Reserve a Seat at the “Table”: AMERICAN CANNIBAL Pre-Orders Now Available

An exciting publishing update as we cross the threshold into 2023:  writer and editor Rebecca Rowland recently announced that the dust-jacketed hardcover and eBook preorders for American Cannibal (Maenad Press) are now available.  I’m proud to not only be included on a roster of such talented writers, but to have contributed the story, “Mastication Station.”

As previously mentioned, the American Cannibal project set forth the challenge of assembling twenty original stories that “reinvent” historical figures, eras, and events.  “The more unexpected the storyline,” went Rowland’s initial encouragement, “the better.”

My story, “Mastication Station,” is set in 1889, during the horrific disaster of the Johnstown Flood.  When the opportunity to devise a story solely dedicated to creatively contorting a true event, I immediately spilled what I knew about Johnstown onto my mental workbench.  In varying forms, I’ve written previously about the Flood — some messy attempts at both short stories as well as longer drafts reflecting the ambitions of a possible novel set in Johnstown; but, like many endeavors, those exercises essentially functioned as a form (like all writing) of private practice.

Yet, of those failed drafts and faded plots (some of them, I’d discovered in my personal notes, dating back to the winter of 2002), one of the side effects was immersive “dives” into historic fact:  in other words, I’d learned a lot about the events surrounding the Johnstown Flood over the years and was just waiting for the proper platform to project some of these themes and images.

Though the circumstantial scenarios are somewhat complicated, it would be reductive to simply say that the Johnstown Flood was a manifestation in the dichotomy between the working class and the wealthy, but I don’t know another way to factually frame it.  At its historic core, the horrific events of the Flood are tightly braided to negligence and monied excess.

Following days of incessant rain, the flood itself was the result of a man-made hill-top, recreational lake (on Friday May 31, 1889, the lake was rising at one foot per hour), its earthen dam rupturing at 3:10 p.m., spilling its 20-million-ton contents into the valley below.

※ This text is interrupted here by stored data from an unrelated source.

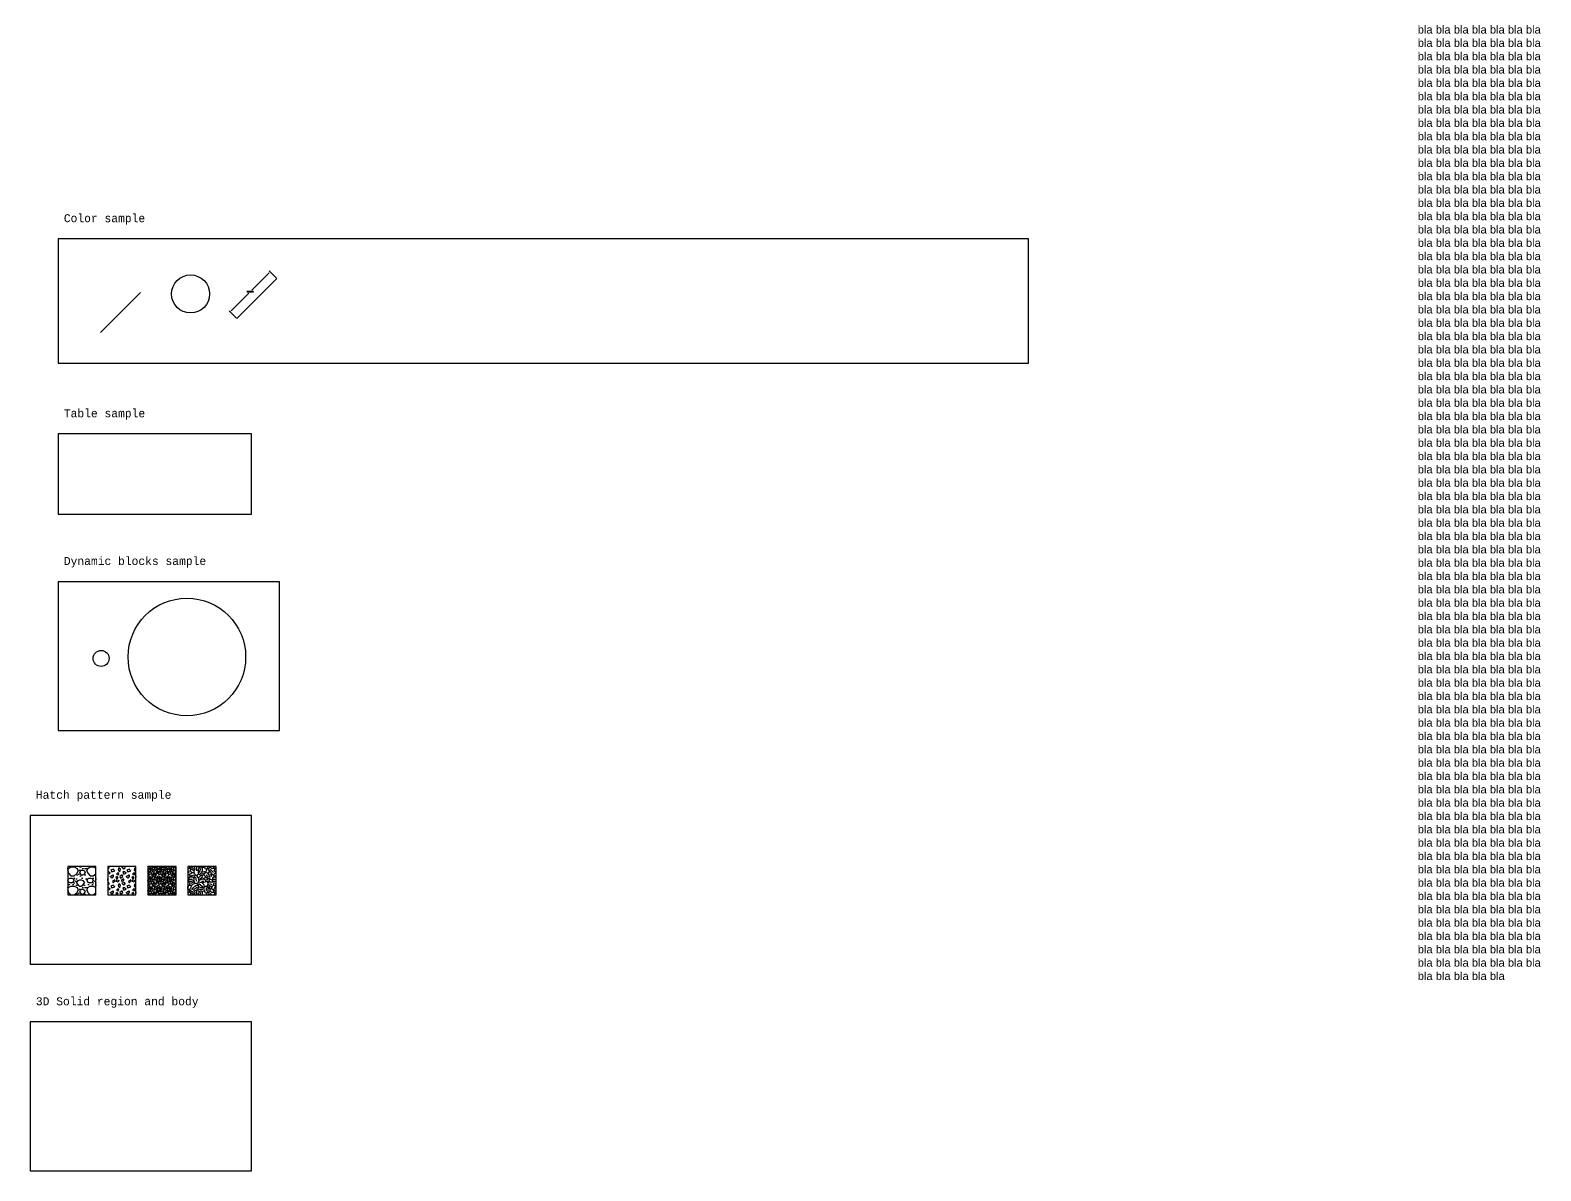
# Model space of a CAD drawing. Header units: inches. Extents: x 0 to 1852, y -566 to 111.
# Drawn here: x 10.2 to 199, y -229.6 to -87 of the extents above; entities that cross this region are included whole.
import ezdxf

# ---------------------------------------------------------------- set-up
doc = ezdxf.new("R2010")
doc.units = ezdxf.units.IN
doc.header["$MEASUREMENT"] = 0
doc.header["$PDMODE"] = 34
doc.header["$PDSIZE"] = 0.1
doc.styles.add('custom_text_style', font='consola.ttf')
doc.styles.get("Standard").update_dxf_attribs({"font": 'arial.ttf'})
doc.dimstyles.new('custom_dim_style', dxfattribs={"dimtxt": 0.18, "dimasz": 0.18, "dimexe": 0.18, "dimexo": 0.0625, "dimgap": 0.09, "dimtad": 0, "dimtih": 1, "dimtoh": 1, "dimdec": 4, "dimzin": 0, "dimdsep": 46, "dimtxsty": 'Standard', "dimcen": 0.09, "dimclrd": 256, "dimclre": 256, "dimclrt": 256, "dimadec": 0, "dimazin": 0, "dimtfac": 1, "dimtdec": 4, "dimtofl": 0, "dimtmove": 0, "dimatfit": 3, "dimfxl": 1, "dimtfill": 2, "dimtfillclr": 256, "dimtolj": 1, "dimtzin": 0, "dimarcsym": 0})

# ---------------------------------------------------------------- blocks, each defined once
blk = doc.blocks.new('*D14')
at = {"color": 86, "lineweight": -2, "true_color": 0x2c881b, "transparency": 16777216}
for p, q in [((40.03, -117.32), (37.84, -119.51)), ((35.28, -122.07), (37.47, -119.88))]:
    blk.add_line(p, q, dxfattribs=at)
at = {"color": 183, "lineweight": -2, "true_color": 0x803dc2, "transparency": 16777216}
for p, q in [((40.96, -117.99), (40.03, -117.07)), ((35.96, -122.99), (35.03, -122.07))]:
    blk.add_line(p, q, dxfattribs=at)
at = {"color": 86, "true_color": 0x2c881b, "transparency": 16777216}
for points in [[(40.01, -117.3), (40.05, -117.34), (40.15, -117.19)], [(35.26, -122.05), (35.3, -122.09), (35.15, -122.19)]]:
    blk.add_solid(points, dxfattribs=at)
at = {"layer": 'Defpoints', "color": 0, "transparency": 16777216}
for p in [(40.15, -117.19), (41, -118.04), (36, -123.04)]:
    blk.add_point(p, dxfattribs=at)
at = {"color": 151, "true_color": 0x50b3ff, "transparency": 16777216, "insert": (37.65, -119.69), "char_height": 0.18, "attachment_point": 5, "bg_fill": 1, "box_fill_scale": 1.25, "bg_fill_color": 256, "bg_fill_true_color": 3568962, "bg_fill_transparency": 0}
blk.add_mtext('\\A1;7.0711', dxfattribs=at)
blk = doc.blocks.new('*U18')
blk.add_circle((0, 0), 1)
blk = doc.blocks.new('*U19')
blk.add_circle((6.35, 0.18), 7.35)

msp = doc.modelspace()

# ---------------------------------------------------------------- hatches: boundary and pattern name
h = msp.add_hatch()
h.set_pattern_fill('HSBDR3E0', color=256, scale=0.1, pattern_type=2)
h.set_pattern_definition([(71.565, (14.8471, -194.5193), (-8e-09, 2.4), [0.31623, -7.27324]), (33.69, (14.947, -194.2193), (9e-09, 2.4), [0.3606, -8.2928]), (33.69, (17.347, -194.2193), (9e-09, 2.4), [0.3606, -8.2928]), (33.69, (19.747, -194.2193), (9e-09, 2.4), [0.3606, -8.2928]), (0, (15.247, -194.0193), (0, 2.4), [0.4, -2]), (333.435, (15.647, -194.0193), (-4e-08, 2.4), [0.4472, -4.9193]), (333.435, (18.047, -194.0193), (-4e-08, 2.4), [0.4472, -4.9193]), (288.435, (16.0471, -194.2193), (8e-09, 2.4), [0.31623, -7.27324]), (288.435, (14.8471, -194.5193), (8e-09, 2.4), [0.31623, -7.27324]), (315, (14.947, -194.8193), (-1e-07, 2.4), [0.42426, -2.96985]), (0, (15.247, -195.1193), (0, 2.4), [0.4, -2]), (36.87, (15.647, -195.1193), (-7e-09, 2.4), [0.5, -11.5]), (36.87, (18.047, -195.1193), (-7e-09, 2.4), [0.5, -11.5]), (36.87, (20.447, -195.1193), (-7e-09, 2.4), [0.5, -11.5]), (36.87, (22.847, -195.1193), (-7e-09, 2.4), [0.5, -11.5]), (71.565, (16.0471, -194.8193), (-8e-09, 2.4), [0.31623, -7.27324]), (56.31, (15.9471, -193.6193), (7e-08, 2.4), [0.3606, -8.2928]), (56.31, (18.3471, -193.6193), (7e-08, 2.4), [0.3606, -8.2928]), (26.565, (16.147, -193.3193), (4e-08, 2.4), [0.2236, -5.143]), (26.565, (18.547, -193.3193), (4e-08, 2.4), [0.2236, -5.143]), (0, (16.347, -193.2193), (0, 2.4), [0.2, -2.2]), (333.435, (16.547, -193.2193), (-4e-08, 2.4), [0.2236, -5.143]), (333.435, (18.947, -193.2193), (-4e-08, 2.4), [0.2236, -5.143]), (303.69, (16.7471, -193.3193), (-7e-08, 2.4), [0.3606, -8.2928]), (303.69, (19.1471, -193.3193), (-7e-08, 2.4), [0.36056, -8.2928]), (303.69, (15.9471, -193.6193), (-7e-08, 2.4), [0.3606, -8.2928]), (303.69, (18.3471, -193.6193), (-7e-08, 2.4), [0.3606, -8.2928]), (333.435, (16.147, -193.9193), (-4e-08, 2.4), [0.2236, -5.143]), (333.435, (18.547, -193.9193), (-4e-08, 2.4), [0.2236, -5.143]), (0, (16.347, -194.0193), (0, 2.4), [0.2, -2.2]), (26.565, (16.547, -194.0193), (4e-08, 2.4), [0.2236, -5.143]), (26.565, (18.947, -194.0193), (4e-08, 2.4), [0.2236, -5.143]), (56.31, (16.7471, -193.9193), (7e-08, 2.4), [0.3606, -8.2928]), (56.31, (19.1471, -193.9193), (7e-08, 2.4), [0.36056, -8.2928]), (63.435, (14.8471, -193.3193), (-4e-08, 2.4), [0.2236, -5.14296]), (26.565, (14.947, -193.1193), (4e-08, 2.4), [0.2236, -5.143]), (26.565, (17.347, -193.1193), (4e-08, 2.4), [0.2236, -5.143]), (0, (15.147, -193.0193), (0, 2.4), [0.2, -2.2]), (333.435, (15.347, -193.0193), (-4e-08, 2.4), [0.2236, -5.143]), (333.435, (17.747, -193.0193), (-4e-08, 2.4), [0.2236, -5.143]), (296.565, (15.5471, -193.1193), (4e-08, 2.4), [0.2236, -5.14296]), (296.565, (14.8471, -193.3193), (4e-08, 2.4), [0.2236, -5.14296]), (180, (15.347, -193.6193), (-3e-16, -2.4), [0.2, -2.2]), (333.435, (14.947, -193.5193), (-4e-08, 2.4), [0.2236, -5.143]), (333.435, (17.347, -193.5193), (-4e-08, 2.4), [0.2236, -5.143]), (26.565, (15.347, -193.6193), (4e-08, 2.4), [0.2236, -5.143]), (26.565, (17.747, -193.6193), (4e-08, 2.4), [0.2236, -5.143]), (63.435, (15.5471, -193.5193), (-4e-08, 2.4), [0.2236, -5.14296]), (63.435, (16.3471, -194.7193), (-4e-08, 2.4), [0.2236, -5.14296]), (45, (16.447, -194.5193), (1e-07, 2.4), [0.1414, -3.2527]), (0, (16.547, -194.4193), (0, 2.4), [0.2, -2.2]), (333.435, (16.747, -194.4193), (-4e-08, 2.4), [0.2236, -5.143]), (333.435, (19.147, -194.4193), (-4e-08, 2.4), [0.2236, -5.143]), (296.565, (16.9471, -194.5193), (4e-08, 2.4), [0.2236, -5.14296]), (296.565, (16.3471, -194.7193), (4e-08, 2.4), [0.2236, -5.14296]), (315, (16.447, -194.9193), (-1e-07, 2.4), [0.1414, -3.2527]), (0, (16.547, -195.0193), (0, 2.4), [0.2, -2.2]), (26.565, (16.747, -195.0193), (4e-08, 2.4), [0.2236, -5.143]), (26.565, (19.147, -195.0193), (4e-08, 2.4), [0.2236, -5.143]), (63.435, (16.9471, -194.9193), (-4e-08, 2.4), [0.2236, -5.14296]), (0, (16.347, -194.4193), (0, 2.4), [0, -2.4]), (0, (15.947, -193.9193), (0, 2.4), [0, -2.4]), (0, (15.547, -193.8193), (0, 2.4), [0, -2.4]), (0, (15.047, -193.8193), (0, 2.4), [0, -2.4]), (0, (15.647, -193.6193), (0, 2.4), [0, -2.4]), (0, (15.847, -193.4193), (0, 2.4), [0, -2.4]), (0, (15.947, -193.1193), (0, 2.4), [0, -2.4]), (0, (16.647, -193.0193), (0, 2.4), [0, -2.4]), (0, (17.147, -193.1193), (0, 2.4), [0, -2.4]), (0, (16.947, -193.9193), (0, 2.4), [0, -2.4]), (0, (17.047, -194.2193), (0, 2.4), [0, -2.4]), (0, (16.747, -194.2193), (0, 2.4), [0, -2.4]), (0, (16.247, -194.9193), (0, 2.4), [0, -2.4]), (0, (16.047, -195.0193), (0, 2.4), [0, -2.4]), (0, (16.447, -195.1193), (0, 2.4), [0, -2.4]), (0, (17.047, -195.0193), (0, 2.4), [0, -2.4]), (0, (14.847, -194.2193), (0, 2.4), [0, -2.4]), (0, (15.647, -193.0193), (0, 2.4), [0, -2.4])])
h.paths.add_polyline_path([(18.38261, -191.58379), (14.84707, -191.58379), (14.84707, -195.11932), (18.38261, -195.11932)])
h = msp.add_hatch()
h.set_pattern_fill('HSHP21E0', color=256, scale=0.1, pattern_type=2)
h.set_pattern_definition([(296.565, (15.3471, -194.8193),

Where I part ways with history is at the crossroads of a real-life anecdote concerning a man named Leroy Temple.  In the summer of 1900, eleven years after the Flood, Temple arrived in Johnstown with the confession that he had not died in the tragedy — rather, he’d been living contentedly in Beverly, Massachusetts.  Temple said that, on the morning of June 1, 1889, he’d clawed his way out of the wreckage at the railroad’s stone bridge, appraised what was left of Johnstown, then simply turned his back on the grisly vista and walked out of the valley.  Employing many creative liberties, Leroy Temple is my protagonist in “Mastication Station.”  Despite the sobering, historic substance, the story was a hell of a lot of fun to write, and I hope audience members find it just as fun to read.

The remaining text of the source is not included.